Saved data entries:
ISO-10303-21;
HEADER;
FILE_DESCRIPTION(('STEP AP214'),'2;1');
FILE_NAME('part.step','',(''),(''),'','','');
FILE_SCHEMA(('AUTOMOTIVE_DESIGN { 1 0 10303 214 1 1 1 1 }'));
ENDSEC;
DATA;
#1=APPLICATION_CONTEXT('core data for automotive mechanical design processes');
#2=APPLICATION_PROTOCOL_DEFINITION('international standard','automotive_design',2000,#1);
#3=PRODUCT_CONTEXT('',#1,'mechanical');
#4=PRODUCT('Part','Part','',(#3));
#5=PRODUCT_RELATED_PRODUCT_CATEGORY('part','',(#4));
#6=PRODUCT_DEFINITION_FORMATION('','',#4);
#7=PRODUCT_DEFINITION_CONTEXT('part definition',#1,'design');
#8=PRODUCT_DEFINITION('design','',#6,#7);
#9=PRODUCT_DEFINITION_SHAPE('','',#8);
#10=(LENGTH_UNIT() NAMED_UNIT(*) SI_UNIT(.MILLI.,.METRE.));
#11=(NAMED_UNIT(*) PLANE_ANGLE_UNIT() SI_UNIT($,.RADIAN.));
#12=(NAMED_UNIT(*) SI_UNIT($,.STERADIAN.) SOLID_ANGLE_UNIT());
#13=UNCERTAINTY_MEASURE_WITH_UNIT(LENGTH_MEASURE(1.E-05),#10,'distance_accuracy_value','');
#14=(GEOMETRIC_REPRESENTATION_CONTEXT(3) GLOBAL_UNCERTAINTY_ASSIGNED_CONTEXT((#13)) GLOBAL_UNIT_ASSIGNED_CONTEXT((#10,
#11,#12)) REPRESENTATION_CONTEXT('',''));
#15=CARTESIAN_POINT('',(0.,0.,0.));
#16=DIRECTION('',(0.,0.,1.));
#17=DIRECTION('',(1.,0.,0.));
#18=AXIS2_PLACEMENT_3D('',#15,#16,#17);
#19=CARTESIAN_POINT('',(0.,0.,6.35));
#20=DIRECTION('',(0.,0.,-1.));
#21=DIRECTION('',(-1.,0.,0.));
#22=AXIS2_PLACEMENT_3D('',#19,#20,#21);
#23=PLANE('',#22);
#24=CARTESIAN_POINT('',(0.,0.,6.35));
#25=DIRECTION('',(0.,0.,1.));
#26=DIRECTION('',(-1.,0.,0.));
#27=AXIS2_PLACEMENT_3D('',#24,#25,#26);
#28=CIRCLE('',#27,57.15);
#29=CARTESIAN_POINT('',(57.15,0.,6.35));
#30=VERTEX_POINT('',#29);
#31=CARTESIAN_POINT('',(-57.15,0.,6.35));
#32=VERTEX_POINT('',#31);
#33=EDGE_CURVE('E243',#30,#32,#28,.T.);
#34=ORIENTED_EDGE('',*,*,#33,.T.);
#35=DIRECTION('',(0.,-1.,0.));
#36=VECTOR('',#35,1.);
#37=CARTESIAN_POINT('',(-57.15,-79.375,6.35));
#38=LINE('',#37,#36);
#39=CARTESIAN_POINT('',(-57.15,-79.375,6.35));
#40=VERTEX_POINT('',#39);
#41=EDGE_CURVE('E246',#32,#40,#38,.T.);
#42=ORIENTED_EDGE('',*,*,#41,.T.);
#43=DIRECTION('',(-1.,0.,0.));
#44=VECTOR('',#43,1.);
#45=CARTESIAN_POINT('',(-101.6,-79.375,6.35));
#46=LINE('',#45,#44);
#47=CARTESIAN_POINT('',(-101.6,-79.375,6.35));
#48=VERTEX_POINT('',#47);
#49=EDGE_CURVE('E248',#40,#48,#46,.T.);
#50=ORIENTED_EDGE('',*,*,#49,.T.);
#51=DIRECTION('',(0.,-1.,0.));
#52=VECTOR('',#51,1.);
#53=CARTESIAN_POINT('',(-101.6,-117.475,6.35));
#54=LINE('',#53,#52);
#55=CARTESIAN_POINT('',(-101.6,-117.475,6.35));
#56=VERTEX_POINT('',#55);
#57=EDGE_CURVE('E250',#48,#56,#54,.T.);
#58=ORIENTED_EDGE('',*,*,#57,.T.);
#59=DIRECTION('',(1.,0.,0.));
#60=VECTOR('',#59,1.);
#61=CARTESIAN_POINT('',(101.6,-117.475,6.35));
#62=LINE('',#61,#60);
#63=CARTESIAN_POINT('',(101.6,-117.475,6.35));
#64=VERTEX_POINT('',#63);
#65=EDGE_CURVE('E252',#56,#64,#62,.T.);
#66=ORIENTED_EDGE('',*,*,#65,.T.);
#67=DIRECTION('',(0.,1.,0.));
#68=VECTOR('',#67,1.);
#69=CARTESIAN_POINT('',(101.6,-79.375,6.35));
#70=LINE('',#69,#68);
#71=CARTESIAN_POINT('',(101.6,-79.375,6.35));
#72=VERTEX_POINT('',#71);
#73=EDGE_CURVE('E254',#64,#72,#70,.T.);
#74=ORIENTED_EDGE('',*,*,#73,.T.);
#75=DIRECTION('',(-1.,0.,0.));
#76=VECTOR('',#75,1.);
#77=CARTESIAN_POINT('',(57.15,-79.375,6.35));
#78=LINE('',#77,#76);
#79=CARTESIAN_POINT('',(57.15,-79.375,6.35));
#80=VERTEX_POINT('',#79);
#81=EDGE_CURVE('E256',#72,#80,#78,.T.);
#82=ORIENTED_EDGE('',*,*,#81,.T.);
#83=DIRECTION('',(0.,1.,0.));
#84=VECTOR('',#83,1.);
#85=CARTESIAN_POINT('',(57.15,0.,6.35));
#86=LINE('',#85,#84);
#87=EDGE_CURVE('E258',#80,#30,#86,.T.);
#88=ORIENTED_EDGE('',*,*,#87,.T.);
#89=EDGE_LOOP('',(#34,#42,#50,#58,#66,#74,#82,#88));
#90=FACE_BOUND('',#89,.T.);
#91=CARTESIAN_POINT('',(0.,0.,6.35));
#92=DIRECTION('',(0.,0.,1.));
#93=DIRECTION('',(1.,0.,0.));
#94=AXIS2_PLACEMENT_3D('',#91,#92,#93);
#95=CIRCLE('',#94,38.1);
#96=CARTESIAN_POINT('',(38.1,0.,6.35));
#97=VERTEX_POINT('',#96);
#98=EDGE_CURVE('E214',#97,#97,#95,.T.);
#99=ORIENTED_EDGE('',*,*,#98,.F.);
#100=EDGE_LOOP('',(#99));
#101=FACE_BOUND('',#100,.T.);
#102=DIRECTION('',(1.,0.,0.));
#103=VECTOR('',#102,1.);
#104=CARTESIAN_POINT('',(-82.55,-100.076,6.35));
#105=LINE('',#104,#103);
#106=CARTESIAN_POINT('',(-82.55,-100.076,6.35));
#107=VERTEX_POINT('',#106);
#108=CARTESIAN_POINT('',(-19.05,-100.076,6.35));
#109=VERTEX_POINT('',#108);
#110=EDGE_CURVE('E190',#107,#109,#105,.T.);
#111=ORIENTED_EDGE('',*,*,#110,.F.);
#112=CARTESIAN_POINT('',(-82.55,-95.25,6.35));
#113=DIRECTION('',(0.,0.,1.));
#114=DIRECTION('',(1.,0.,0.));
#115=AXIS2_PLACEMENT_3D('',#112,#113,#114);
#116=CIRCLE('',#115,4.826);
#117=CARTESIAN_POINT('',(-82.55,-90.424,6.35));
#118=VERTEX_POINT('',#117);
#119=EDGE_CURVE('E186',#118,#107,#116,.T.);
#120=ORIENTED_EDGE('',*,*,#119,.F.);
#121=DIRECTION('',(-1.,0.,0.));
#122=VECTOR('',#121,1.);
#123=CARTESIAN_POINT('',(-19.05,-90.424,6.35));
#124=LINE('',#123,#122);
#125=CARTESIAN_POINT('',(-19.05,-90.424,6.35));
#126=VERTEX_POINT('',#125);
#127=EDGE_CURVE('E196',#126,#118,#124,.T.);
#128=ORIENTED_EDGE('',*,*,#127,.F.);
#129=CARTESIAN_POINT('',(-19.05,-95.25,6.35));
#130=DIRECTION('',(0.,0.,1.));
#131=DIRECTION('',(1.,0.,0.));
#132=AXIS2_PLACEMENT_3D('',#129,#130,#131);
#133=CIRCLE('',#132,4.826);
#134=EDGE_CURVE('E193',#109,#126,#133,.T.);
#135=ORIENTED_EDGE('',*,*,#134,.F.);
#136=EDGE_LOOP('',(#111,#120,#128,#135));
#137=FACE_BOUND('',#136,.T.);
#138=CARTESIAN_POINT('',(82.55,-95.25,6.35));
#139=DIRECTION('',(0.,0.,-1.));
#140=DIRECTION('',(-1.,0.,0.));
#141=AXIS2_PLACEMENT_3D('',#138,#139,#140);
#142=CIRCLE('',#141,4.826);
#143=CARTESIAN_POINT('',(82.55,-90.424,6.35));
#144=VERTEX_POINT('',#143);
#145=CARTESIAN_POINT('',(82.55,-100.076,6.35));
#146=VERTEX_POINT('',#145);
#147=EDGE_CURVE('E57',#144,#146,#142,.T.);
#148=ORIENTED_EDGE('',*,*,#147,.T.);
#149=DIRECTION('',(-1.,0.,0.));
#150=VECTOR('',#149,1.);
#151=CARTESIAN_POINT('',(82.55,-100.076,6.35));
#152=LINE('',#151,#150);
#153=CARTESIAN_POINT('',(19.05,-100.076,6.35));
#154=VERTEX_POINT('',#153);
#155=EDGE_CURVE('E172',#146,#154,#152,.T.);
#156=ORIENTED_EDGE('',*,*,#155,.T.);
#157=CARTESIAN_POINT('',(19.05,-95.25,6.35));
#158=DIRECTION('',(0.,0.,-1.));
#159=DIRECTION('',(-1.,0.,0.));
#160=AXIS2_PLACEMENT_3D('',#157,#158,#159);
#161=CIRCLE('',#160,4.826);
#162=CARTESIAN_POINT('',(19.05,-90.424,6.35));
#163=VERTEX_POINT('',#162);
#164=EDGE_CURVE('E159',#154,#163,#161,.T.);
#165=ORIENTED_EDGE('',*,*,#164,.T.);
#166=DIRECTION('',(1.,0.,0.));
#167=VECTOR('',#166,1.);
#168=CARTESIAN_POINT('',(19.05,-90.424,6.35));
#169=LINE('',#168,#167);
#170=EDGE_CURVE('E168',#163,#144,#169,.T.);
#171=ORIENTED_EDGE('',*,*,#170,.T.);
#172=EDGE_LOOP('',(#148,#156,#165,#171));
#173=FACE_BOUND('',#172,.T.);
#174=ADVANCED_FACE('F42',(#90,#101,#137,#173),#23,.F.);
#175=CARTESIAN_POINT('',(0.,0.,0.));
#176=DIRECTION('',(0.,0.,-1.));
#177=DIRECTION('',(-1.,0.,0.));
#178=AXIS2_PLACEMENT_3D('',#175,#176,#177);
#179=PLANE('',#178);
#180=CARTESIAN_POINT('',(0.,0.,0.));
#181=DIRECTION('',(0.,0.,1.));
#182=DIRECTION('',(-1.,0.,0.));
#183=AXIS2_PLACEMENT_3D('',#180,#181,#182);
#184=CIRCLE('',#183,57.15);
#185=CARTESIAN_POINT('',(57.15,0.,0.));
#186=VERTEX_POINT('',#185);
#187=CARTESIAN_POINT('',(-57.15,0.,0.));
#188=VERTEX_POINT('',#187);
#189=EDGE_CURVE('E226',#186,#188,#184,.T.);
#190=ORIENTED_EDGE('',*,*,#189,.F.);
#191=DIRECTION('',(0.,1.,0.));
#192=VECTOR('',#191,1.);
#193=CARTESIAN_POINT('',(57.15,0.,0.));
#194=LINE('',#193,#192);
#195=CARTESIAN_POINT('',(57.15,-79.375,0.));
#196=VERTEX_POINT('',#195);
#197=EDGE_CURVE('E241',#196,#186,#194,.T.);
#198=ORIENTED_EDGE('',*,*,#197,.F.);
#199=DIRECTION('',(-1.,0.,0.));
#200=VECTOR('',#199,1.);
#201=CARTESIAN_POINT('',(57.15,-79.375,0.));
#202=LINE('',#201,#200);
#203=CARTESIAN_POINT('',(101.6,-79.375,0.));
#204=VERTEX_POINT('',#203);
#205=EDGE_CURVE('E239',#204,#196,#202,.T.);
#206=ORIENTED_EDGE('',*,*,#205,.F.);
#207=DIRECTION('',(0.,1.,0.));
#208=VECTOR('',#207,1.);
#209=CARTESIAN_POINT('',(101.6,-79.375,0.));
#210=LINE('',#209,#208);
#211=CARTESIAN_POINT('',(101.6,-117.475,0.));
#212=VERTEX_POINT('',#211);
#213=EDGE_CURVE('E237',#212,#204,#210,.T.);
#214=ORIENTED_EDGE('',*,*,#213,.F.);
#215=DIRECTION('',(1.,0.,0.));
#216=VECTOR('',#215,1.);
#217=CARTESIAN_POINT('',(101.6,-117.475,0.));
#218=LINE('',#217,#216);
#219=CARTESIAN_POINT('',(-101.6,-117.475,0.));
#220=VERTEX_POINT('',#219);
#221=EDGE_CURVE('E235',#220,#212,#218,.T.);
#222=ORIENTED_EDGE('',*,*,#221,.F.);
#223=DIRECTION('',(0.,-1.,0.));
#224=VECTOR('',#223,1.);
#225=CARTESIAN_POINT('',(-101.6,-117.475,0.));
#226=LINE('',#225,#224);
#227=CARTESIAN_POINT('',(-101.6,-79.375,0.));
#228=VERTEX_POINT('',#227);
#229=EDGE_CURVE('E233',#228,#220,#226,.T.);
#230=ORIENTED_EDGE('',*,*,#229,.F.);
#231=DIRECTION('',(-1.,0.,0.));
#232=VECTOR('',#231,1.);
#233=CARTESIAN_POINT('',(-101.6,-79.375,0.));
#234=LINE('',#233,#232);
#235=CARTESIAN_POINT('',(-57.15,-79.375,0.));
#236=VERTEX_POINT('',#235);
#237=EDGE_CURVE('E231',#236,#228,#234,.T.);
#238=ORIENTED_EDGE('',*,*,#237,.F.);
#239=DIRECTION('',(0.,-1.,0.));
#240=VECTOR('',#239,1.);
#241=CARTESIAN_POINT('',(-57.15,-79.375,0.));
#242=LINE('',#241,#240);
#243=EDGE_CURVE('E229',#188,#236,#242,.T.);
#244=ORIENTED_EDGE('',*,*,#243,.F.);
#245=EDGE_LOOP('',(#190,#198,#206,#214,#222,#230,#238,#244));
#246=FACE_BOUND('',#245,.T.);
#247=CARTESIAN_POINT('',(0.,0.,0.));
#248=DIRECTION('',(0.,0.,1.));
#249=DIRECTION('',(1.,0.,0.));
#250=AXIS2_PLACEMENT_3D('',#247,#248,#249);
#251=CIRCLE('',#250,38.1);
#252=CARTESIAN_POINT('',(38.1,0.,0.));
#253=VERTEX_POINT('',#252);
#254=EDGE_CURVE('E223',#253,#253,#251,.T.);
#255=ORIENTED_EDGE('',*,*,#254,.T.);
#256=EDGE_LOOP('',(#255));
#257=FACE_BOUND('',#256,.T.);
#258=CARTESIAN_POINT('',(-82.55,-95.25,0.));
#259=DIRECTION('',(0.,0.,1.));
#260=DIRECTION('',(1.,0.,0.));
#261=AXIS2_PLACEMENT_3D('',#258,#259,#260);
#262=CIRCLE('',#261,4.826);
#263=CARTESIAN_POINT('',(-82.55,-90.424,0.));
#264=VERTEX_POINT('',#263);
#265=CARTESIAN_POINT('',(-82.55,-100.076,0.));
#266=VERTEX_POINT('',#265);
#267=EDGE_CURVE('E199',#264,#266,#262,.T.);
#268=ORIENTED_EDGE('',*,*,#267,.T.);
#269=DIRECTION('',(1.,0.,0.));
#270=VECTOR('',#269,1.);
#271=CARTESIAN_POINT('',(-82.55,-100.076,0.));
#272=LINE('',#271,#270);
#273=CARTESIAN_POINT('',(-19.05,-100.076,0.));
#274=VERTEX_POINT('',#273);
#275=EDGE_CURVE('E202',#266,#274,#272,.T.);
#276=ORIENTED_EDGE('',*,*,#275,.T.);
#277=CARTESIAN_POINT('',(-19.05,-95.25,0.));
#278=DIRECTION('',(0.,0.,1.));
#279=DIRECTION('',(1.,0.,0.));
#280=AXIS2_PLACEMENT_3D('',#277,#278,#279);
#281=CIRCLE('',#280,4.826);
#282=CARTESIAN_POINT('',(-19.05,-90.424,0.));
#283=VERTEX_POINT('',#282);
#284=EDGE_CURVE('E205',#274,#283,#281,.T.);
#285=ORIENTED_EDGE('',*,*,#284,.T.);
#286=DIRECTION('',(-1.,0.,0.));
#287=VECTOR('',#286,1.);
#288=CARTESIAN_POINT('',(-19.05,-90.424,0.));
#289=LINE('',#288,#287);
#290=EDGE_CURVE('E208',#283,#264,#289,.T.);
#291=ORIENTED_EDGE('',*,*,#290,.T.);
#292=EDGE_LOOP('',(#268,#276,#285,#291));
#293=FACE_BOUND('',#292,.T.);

What the task asks ▸ Retype the records above, but only those lines that fall between the line containing "#228=VERTEX_POINT('',#227);" and the line containing "#237=EDGE_CURVE('E231',#236,#228,#234,.T.);", with both of those lines included, exactly as written.

Solution for this problem ▸
#228=VERTEX_POINT('',#227);
#229=EDGE_CURVE('E233',#228,#220,#226,.T.);
#230=ORIENTED_EDGE('',*,*,#229,.F.);
#231=DIRECTION('',(-1.,0.,0.));
#232=VECTOR('',#231,1.);
#233=CARTESIAN_POINT('',(-101.6,-79.375,0.));
#234=LINE('',#233,#232);
#235=CARTESIAN_POINT('',(-57.15,-79.375,0.));
#236=VERTEX_POINT('',#235);
#237=EDGE_CURVE('E231',#236,#228,#234,.T.);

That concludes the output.